- **Task**
Where the word "dxfattribs" occurs in a line of the listing below, copy that line.

- **Stored data**
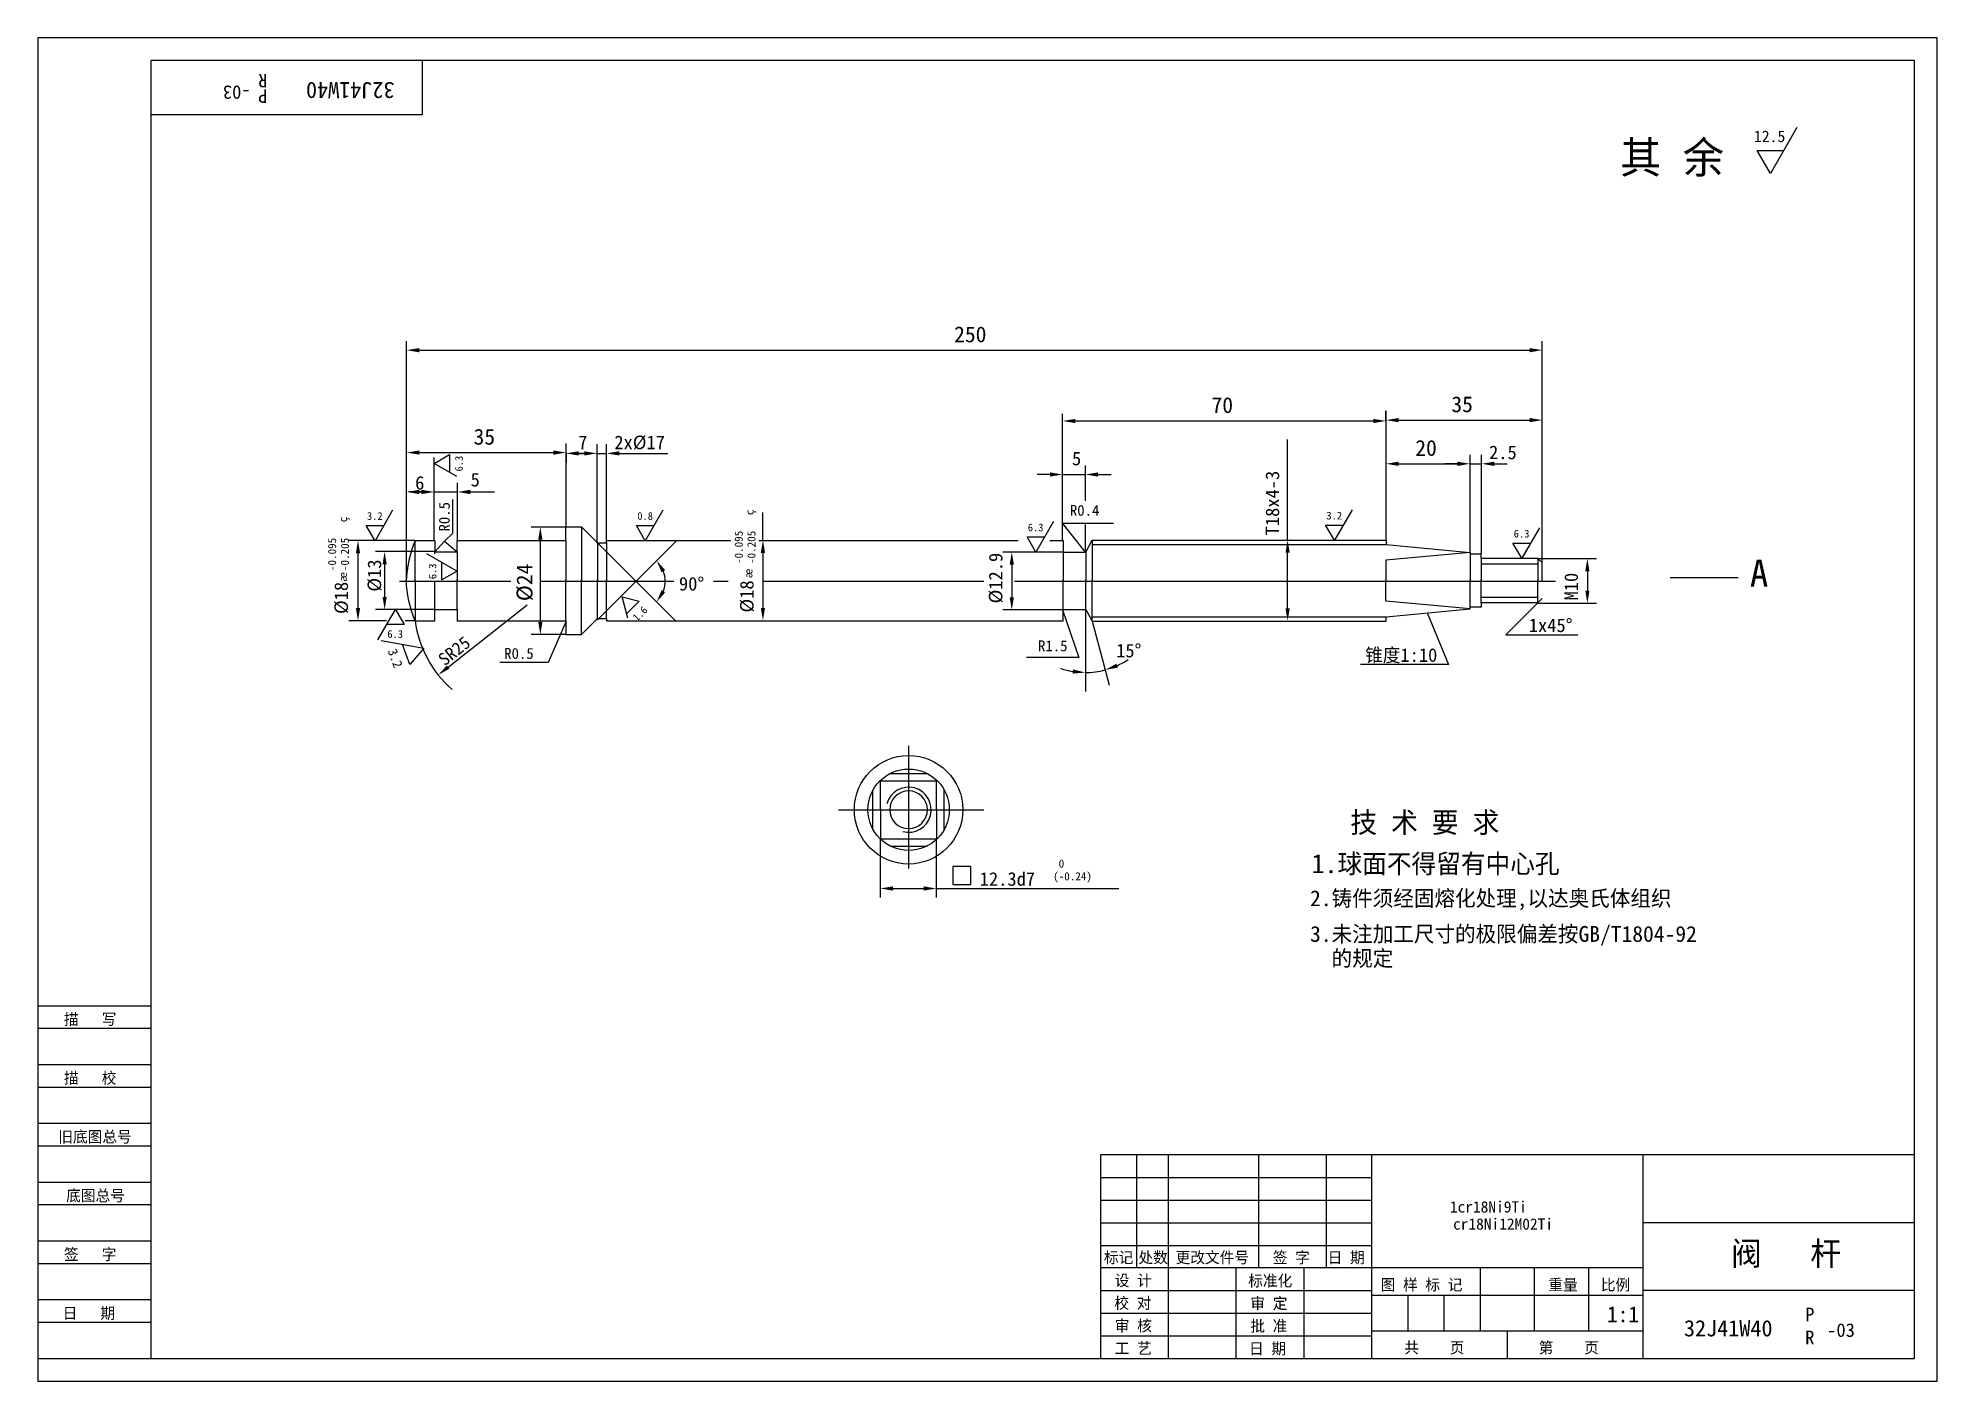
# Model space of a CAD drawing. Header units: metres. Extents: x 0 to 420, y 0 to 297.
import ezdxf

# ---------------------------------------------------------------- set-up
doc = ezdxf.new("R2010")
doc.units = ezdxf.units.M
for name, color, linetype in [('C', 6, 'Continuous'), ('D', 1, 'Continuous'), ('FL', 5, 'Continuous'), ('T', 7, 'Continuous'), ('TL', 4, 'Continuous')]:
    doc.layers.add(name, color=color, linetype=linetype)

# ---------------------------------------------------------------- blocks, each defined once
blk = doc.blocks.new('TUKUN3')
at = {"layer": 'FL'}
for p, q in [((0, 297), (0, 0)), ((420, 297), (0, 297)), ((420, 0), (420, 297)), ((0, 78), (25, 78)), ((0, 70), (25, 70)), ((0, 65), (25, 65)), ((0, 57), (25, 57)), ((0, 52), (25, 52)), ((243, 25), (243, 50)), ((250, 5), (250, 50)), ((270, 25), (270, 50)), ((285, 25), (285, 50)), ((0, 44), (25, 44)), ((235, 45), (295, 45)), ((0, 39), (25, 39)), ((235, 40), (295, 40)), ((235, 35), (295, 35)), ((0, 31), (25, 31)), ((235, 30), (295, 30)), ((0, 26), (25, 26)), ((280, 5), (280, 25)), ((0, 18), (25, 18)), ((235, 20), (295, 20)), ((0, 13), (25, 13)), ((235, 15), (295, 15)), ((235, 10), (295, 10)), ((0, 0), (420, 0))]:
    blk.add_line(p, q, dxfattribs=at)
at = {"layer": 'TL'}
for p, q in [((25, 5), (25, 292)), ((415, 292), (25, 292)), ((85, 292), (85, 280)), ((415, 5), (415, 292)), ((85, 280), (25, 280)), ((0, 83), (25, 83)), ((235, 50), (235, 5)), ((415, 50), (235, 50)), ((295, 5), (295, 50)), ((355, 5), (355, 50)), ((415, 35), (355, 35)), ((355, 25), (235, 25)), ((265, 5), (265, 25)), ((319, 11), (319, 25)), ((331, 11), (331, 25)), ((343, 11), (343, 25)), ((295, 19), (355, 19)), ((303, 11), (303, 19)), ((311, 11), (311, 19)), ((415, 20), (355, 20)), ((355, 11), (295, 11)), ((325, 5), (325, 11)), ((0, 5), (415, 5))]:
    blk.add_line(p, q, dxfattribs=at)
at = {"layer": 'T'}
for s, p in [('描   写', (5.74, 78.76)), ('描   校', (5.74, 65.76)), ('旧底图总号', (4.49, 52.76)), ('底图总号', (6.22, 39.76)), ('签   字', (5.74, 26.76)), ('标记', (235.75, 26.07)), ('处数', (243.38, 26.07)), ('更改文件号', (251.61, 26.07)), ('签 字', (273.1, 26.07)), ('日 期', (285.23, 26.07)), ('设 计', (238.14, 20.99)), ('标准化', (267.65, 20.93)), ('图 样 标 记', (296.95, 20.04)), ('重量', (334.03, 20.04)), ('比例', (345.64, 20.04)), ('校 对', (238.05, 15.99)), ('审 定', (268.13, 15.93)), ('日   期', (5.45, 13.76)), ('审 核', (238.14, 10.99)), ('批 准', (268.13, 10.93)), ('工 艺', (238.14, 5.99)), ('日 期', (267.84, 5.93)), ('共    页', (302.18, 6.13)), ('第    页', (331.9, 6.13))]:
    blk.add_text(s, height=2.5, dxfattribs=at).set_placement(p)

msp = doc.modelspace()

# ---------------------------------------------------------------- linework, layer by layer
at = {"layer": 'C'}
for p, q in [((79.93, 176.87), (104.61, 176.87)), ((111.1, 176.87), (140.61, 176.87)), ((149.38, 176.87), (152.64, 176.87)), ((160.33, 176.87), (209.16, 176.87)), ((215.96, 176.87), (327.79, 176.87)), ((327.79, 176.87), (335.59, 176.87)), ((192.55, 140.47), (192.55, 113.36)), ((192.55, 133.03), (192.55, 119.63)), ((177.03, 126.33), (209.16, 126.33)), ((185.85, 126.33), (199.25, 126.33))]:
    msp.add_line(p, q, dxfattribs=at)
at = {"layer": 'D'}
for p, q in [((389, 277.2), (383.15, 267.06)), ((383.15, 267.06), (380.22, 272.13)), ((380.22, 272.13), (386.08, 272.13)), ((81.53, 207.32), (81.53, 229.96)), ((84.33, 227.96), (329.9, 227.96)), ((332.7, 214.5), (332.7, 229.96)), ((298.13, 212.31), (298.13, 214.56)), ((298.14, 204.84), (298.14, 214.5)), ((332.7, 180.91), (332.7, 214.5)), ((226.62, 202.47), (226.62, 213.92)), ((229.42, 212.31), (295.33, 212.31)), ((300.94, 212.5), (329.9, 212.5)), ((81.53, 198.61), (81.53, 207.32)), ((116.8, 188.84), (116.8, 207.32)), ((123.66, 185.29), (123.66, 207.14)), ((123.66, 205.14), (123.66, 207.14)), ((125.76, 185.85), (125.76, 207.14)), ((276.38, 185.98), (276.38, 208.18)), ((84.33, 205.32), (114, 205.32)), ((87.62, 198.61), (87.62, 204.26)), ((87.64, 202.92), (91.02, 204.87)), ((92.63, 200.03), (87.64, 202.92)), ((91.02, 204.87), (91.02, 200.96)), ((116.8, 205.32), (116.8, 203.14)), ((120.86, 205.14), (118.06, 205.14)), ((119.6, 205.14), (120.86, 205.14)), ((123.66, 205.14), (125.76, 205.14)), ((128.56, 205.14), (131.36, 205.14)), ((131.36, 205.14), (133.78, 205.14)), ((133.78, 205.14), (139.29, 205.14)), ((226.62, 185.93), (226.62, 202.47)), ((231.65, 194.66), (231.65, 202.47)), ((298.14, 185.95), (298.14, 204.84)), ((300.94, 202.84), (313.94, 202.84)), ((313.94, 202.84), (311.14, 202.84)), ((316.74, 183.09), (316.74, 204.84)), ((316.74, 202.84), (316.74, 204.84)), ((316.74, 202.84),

- **Exercise response**
    blk.add_line(p, q, dxfattribs=at)
    blk.add_line(p, q, dxfattribs=at)
    blk.add_text(s, height=2.5, dxfattribs=at).set_placement(p)
    msp.add_line(p, q, dxfattribs=at)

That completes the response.